Work required
Once the line with "#188=ORIENTED_EDGE('',*,*,#187,.F.);" is found, repeat exactly that line and every one after it until the data below ends, including the last line.

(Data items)

----

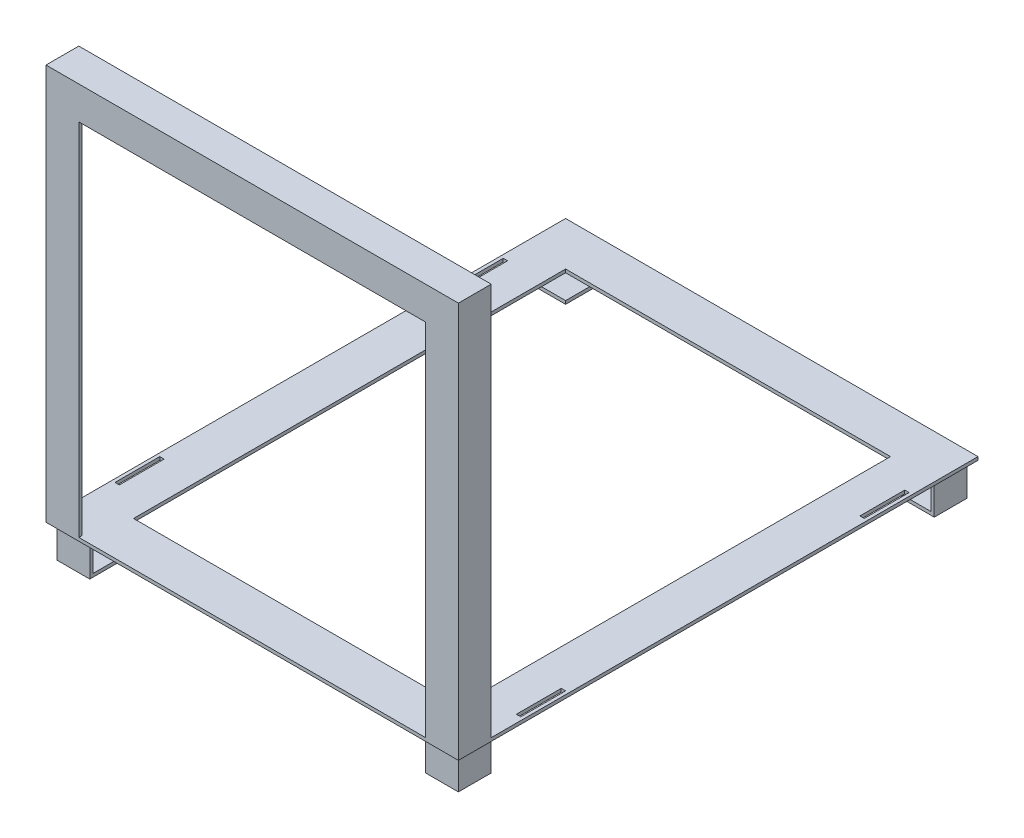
ISO-10303-21;
HEADER;
FILE_DESCRIPTION(('STEP AP214'),'2;1');
FILE_NAME('part.step','',(''),(''),'','','');
FILE_SCHEMA(('AUTOMOTIVE_DESIGN { 1 0 10303 214 1 1 1 1 }'));
ENDSEC;
DATA;
#1=APPLICATION_CONTEXT('core data for automotive mechanical design processes');
#2=APPLICATION_PROTOCOL_DEFINITION('international standard','automotive_design',2000,#1);
#3=PRODUCT_CONTEXT('',#1,'mechanical');
#4=PRODUCT('Part','Part','',(#3));
#5=PRODUCT_RELATED_PRODUCT_CATEGORY('part','',(#4));
#6=PRODUCT_DEFINITION_FORMATION('','',#4);
#7=PRODUCT_DEFINITION_CONTEXT('part definition',#1,'design');
#8=PRODUCT_DEFINITION('design','',#6,#7);
#9=PRODUCT_DEFINITION_SHAPE('','',#8);
#10=(LENGTH_UNIT() NAMED_UNIT(*) SI_UNIT(.MILLI.,.METRE.));
#11=(NAMED_UNIT(*) PLANE_ANGLE_UNIT() SI_UNIT($,.RADIAN.));
#12=(NAMED_UNIT(*) SI_UNIT($,.STERADIAN.) SOLID_ANGLE_UNIT());
#13=UNCERTAINTY_MEASURE_WITH_UNIT(LENGTH_MEASURE(1.E-05),#10,'distance_accuracy_value','');
#14=(GEOMETRIC_REPRESENTATION_CONTEXT(3) GLOBAL_UNCERTAINTY_ASSIGNED_CONTEXT((#13)) GLOBAL_UNIT_ASSIGNED_CONTEXT((#10,
#11,#12)) REPRESENTATION_CONTEXT('',''));
#15=CARTESIAN_POINT('',(0.,0.,0.));
#16=DIRECTION('',(0.,0.,1.));
#17=DIRECTION('',(1.,0.,0.));
#18=AXIS2_PLACEMENT_3D('',#15,#16,#17);
#19=CARTESIAN_POINT('',(0.,357.5,0.));
#20=DIRECTION('',(0.,1.,0.));
#21=DIRECTION('',(0.,0.,1.));
#22=AXIS2_PLACEMENT_3D('',#19,#20,#21);
#23=PLANE('',#22);
#24=DIRECTION('',(-1.,0.,0.));
#25=VECTOR('',#24,1.);
#26=CARTESIAN_POINT('',(158.5,357.5,234.5));
#27=LINE('',#26,#25);
#28=CARTESIAN_POINT('',(185.5,357.5,234.5));
#29=VERTEX_POINT('',#28);
#30=CARTESIAN_POINT('',(-185.5,357.5,234.5));
#31=VERTEX_POINT('',#30);
#32=EDGE_CURVE('E1365',#29,#31,#27,.T.);
#33=ORIENTED_EDGE('',*,*,#32,.T.);
#34=DIRECTION('',(0.,0.,-1.));
#35=VECTOR('',#34,1.);
#36=CARTESIAN_POINT('',(-185.5,357.5,234.5));
#37=LINE('',#36,#35);
#38=CARTESIAN_POINT('',(-185.5,357.5,207.5));
#39=VERTEX_POINT('',#38);
#40=EDGE_CURVE('E1363',#31,#39,#37,.T.);
#41=ORIENTED_EDGE('',*,*,#40,.T.);
#42=DIRECTION('',(-1.,0.,0.));
#43=VECTOR('',#42,1.);
#44=CARTESIAN_POINT('',(-188.5,357.5,207.5));
#45=LINE('',#44,#43);
#46=CARTESIAN_POINT('',(185.5,357.5,207.5));
#47=VERTEX_POINT('',#46);
#48=EDGE_CURVE('E1361',#47,#39,#45,.T.);
#49=ORIENTED_EDGE('',*,*,#48,.F.);
#50=DIRECTION('',(0.,0.,1.));
#51=VECTOR('',#50,1.);
#52=CARTESIAN_POINT('',(185.5,357.5,234.5));
#53=LINE('',#52,#51);
#54=EDGE_CURVE('E1345',#47,#29,#53,.T.);
#55=ORIENTED_EDGE('',*,*,#54,.T.);
#56=EDGE_LOOP('',(#33,#41,#49,#55));
#57=FACE_BOUND('',#56,.T.);
#58=ADVANCED_FACE('F39',(#57),#23,.F.);
#59=CARTESIAN_POINT('',(185.5,360.5,234.5));
#60=DIRECTION('',(1.,0.,0.));
#61=DIRECTION('',(0.,0.,-1.));
#62=AXIS2_PLACEMENT_3D('',#59,#60,#61);
#63=PLANE('',#62);
#64=ORIENTED_EDGE('',*,*,#54,.F.);
#65=DIRECTION('',(0.,-1.,0.));
#66=VECTOR('',#65,1.);
#67=CARTESIAN_POINT('',(185.5,360.5,207.5));
#68=LINE('',#67,#66);
#69=CARTESIAN_POINT('',(185.5,1.5,207.5));
#70=VERTEX_POINT('',#69);
#71=EDGE_CURVE('E496',#47,#70,#68,.T.);
#72=ORIENTED_EDGE('',*,*,#71,.T.);
#73=DIRECTION('',(0.,0.,1.));
#74=VECTOR('',#73,1.);
#75=CARTESIAN_POINT('',(185.5,1.5,234.5));
#76=LINE('',#75,#74);
#77=CARTESIAN_POINT('',(185.5,1.5,234.5));
#78=VERTEX_POINT('',#77);
#79=EDGE_CURVE('E461',#70,#78,#76,.T.);
#80=ORIENTED_EDGE('',*,*,#79,.T.);
#81=DIRECTION('',(0.,-1.,0.));
#82=VECTOR('',#81,1.);
#83=CARTESIAN_POINT('',(185.5,360.5,234.5));
#84=LINE('',#83,#82);
#85=EDGE_CURVE('E493',#29,#78,#84,.T.);
#86=ORIENTED_EDGE('',*,*,#85,.F.);
#87=EDGE_LOOP('',(#64,#72,#80,#86));
#88=FACE_BOUND('',#87,.T.);
#89=ADVANCED_FACE('F1098',(#88),#63,.F.);
#90=CARTESIAN_POINT('',(158.5,360.5,237.5));
#91=DIRECTION('',(1.,0.,0.));
#92=DIRECTION('',(0.,0.,-1.));
#93=AXIS2_PLACEMENT_3D('',#90,#91,#92);
#94=PLANE('',#93);
#95=DIRECTION('',(0.,-1.,0.));
#96=VECTOR('',#95,1.);
#97=CARTESIAN_POINT('',(158.5,360.5,237.5));
#98=LINE('',#97,#96);
#99=CARTESIAN_POINT('',(158.5,330.5,237.5));
#100=VERTEX_POINT('',#99);
#101=CARTESIAN_POINT('',(158.5,1.5,237.5));
#102=VERTEX_POINT('',#101);
#103=EDGE_CURVE('E476',#100,#102,#98,.T.);
#104=ORIENTED_EDGE('',*,*,#103,.F.);
#105=DIRECTION('',(0.,0.,-1.));
#106=VECTOR('',#105,1.);
#107=CARTESIAN_POINT('',(158.5,330.5,237.5));
#108=LINE('',#107,#106);
#109=CARTESIAN_POINT('',(158.5,330.5,234.5));
#110=VERTEX_POINT('',#109);
#111=EDGE_CURVE('E436',#100,#110,#108,.T.);
#112=ORIENTED_EDGE('',*,*,#111,.T.);
#113=DIRECTION('',(0.,-1.,0.));
#114=VECTOR('',#113,1.);
#115=CARTESIAN_POINT('',(158.5,360.5,234.5));
#116=LINE('',#115,#114);
#117=CARTESIAN_POINT('',(158.5,1.5,234.5));
#118=VERTEX_POINT('',#117);
#119=EDGE_CURVE('E490',#110,#118,#116,.T.);
#120=ORIENTED_EDGE('',*,*,#119,.T.);
#121=DIRECTION('',(0.,0.,1.));
#122=VECTOR('',#121,1.);
#123=CARTESIAN_POINT('',(158.5,1.5,237.5));
#124=LINE('',#123,#122);
#125=EDGE_CURVE('E470',#118,#102,#124,.T.);
#126=ORIENTED_EDGE('',*,*,#125,.T.);
#127=EDGE_LOOP('',(#104,#112,#120,#126));
#128=FACE_BOUND('',#127,.T.);
#129=ADVANCED_FACE('F1105',(#128),#94,.F.);
#130=CARTESIAN_POINT('',(-158.5,360.5,237.5));
#131=DIRECTION('',(-1.,0.,0.));
#132=DIRECTION('',(0.,0.,1.));
#133=AXIS2_PLACEMENT_3D('',#130,#131,#132);
#134=PLANE('',#133);
#135=DIRECTION('',(0.,-1.,0.));
#136=VECTOR('',#135,1.);
#137=CARTESIAN_POINT('',(-158.5,360.5,234.5));
#138=LINE('',#137,#136);
#139=CARTESIAN_POINT('',(-158.5,330.5,234.5));
#140=VERTEX_POINT('',#139);
#141=CARTESIAN_POINT('',(-158.5,1.5,234.5));
#142=VERTEX_POINT('',#141);
#143=EDGE_CURVE('E55',#140,#142,#138,.T.);
#144=ORIENTED_EDGE('',*,*,#143,.F.);
#145=DIRECTION('',(0.,0.,1.));
#146=VECTOR('',#145,1.);
#147=CARTESIAN_POINT('',(-158.5,330.5,237.5));
#148=LINE('',#147,#146);
#149=CARTESIAN_POINT('',(-158.5,330.5,237.5));
#150=VERTEX_POINT('',#149);
#151=EDGE_CURVE('E434',#140,#150,#148,.T.);
#152=ORIENTED_EDGE('',*,*,#151,.T.);
#153=DIRECTION('',(0.,-1.,0.));
#154=VECTOR('',#153,1.);
#155=CARTESIAN_POINT('',(-158.5,360.5,237.5));
#156=LINE('',#155,#154);
#157=CARTESIAN_POINT('',(-158.5,1.5,237.5));
#158=VERTEX_POINT('',#157);
#159=EDGE_CURVE('E446',#150,#158,#156,.T.);
#160=ORIENTED_EDGE('',*,*,#159,.T.);
#161=DIRECTION('',(0.,0.,-1.));
#162=VECTOR('',#161,1.);
#163=CARTESIAN_POINT('',(-158.5,1.5,237.5));
#164=LINE('',#163,#162);
#165=EDGE_CURVE('E1347',#158,#142,#164,.T.);
#166=ORIENTED_EDGE('',*,*,#165,.T.);
#167=EDGE_LOOP('',(#144,#152,#160,#166));
#168=FACE_BOUND('',#167,.T.);
#169=ADVANCED_FACE('F444',(#168),#134,.F.);
#170=CARTESIAN_POINT('',(-158.5,360.5,234.5));
#171=DIRECTION('',(0.,0.,1.));
#172=DIRECTION('',(1.,0.,0.));
#173=AXIS2_PLACEMENT_3D('',#170,#171,#172);
#174=PLANE('',#173);
#175=DIRECTION('',(-1.,0.,0.));
#176=VECTOR('',#175,1.);
#177=CARTESIAN_POINT('',(-158.5,1.5,234.5));
#178=LINE('',#177,#176);
#179=CARTESIAN_POINT('',(-185.5,1.5,234.5));
#180=VERTEX_POINT('',#179);
#181=EDGE_CURVE('E1350',#142,#180,#178,.T.);
#182=ORIENTED_EDGE('',*,*,#181,.T.);
#183=DIRECTION('',(0.,-1.,0.));
#184=VECTOR('',#183,1.);
#185=CARTESIAN_POINT('',(-185.5,360.5,234.5));
#186=LINE('',#185,#184);
#187=EDGE_CURVE('E63',#31,#180,#186,.T.);
#188=ORIENTED_EDGE('',*,*,#187,.F.);
#189=ORIENTED_EDGE('',*,*,#32,.F.);
#190=ORIENTED_EDGE('',*,*,#85,.T.);
#191=DIRECTION('',(-1.,0.,0.));
#192=VECTOR('',#191,1.);
#193=CARTESIAN_POINT('',(158.5,1.5,234.5));
#194=LINE('',#193,#192);
#195=EDGE_CURVE('E481',#78,#118,#194,.T.);
#196=ORIENTED_EDGE('',*,*,#195,.T.);
#197=ORIENTED_EDGE('',*,*,#119,.F.);
#198=DIRECTION('',(1.,0.,0.));
#199=VECTOR('',#198,1.);
#200=CARTESIAN_POINT('',(-188.5,330.5,234.5));
#201=LINE('',#200,#199);
#202=EDGE_CURVE('E441',#140,#110,#201,.T.);
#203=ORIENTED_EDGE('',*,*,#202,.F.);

----

Solution to this exercise
#188=ORIENTED_EDGE('',*,*,#187,.F.);
#189=ORIENTED_EDGE('',*,*,#32,.F.);
#190=ORIENTED_EDGE('',*,*,#85,.T.);
#191=DIRECTION('',(-1.,0.,0.));
#192=VECTOR('',#191,1.);
#193=CARTESIAN_POINT('',(158.5,1.5,234.5));
#194=LINE('',#193,#192);
#195=EDGE_CURVE('E481',#78,#118,#194,.T.);
#196=ORIENTED_EDGE('',*,*,#195,.T.);
#197=ORIENTED_EDGE('',*,*,#119,.F.);
#198=DIRECTION('',(1.,0.,0.));
#199=VECTOR('',#198,1.);
#200=CARTESIAN_POINT('',(-188.5,330.5,234.5));
#201=LINE('',#200,#199);
#202=EDGE_CURVE('E441',#140,#110,#201,.T.);
#203=ORIENTED_EDGE('',*,*,#202,.F.);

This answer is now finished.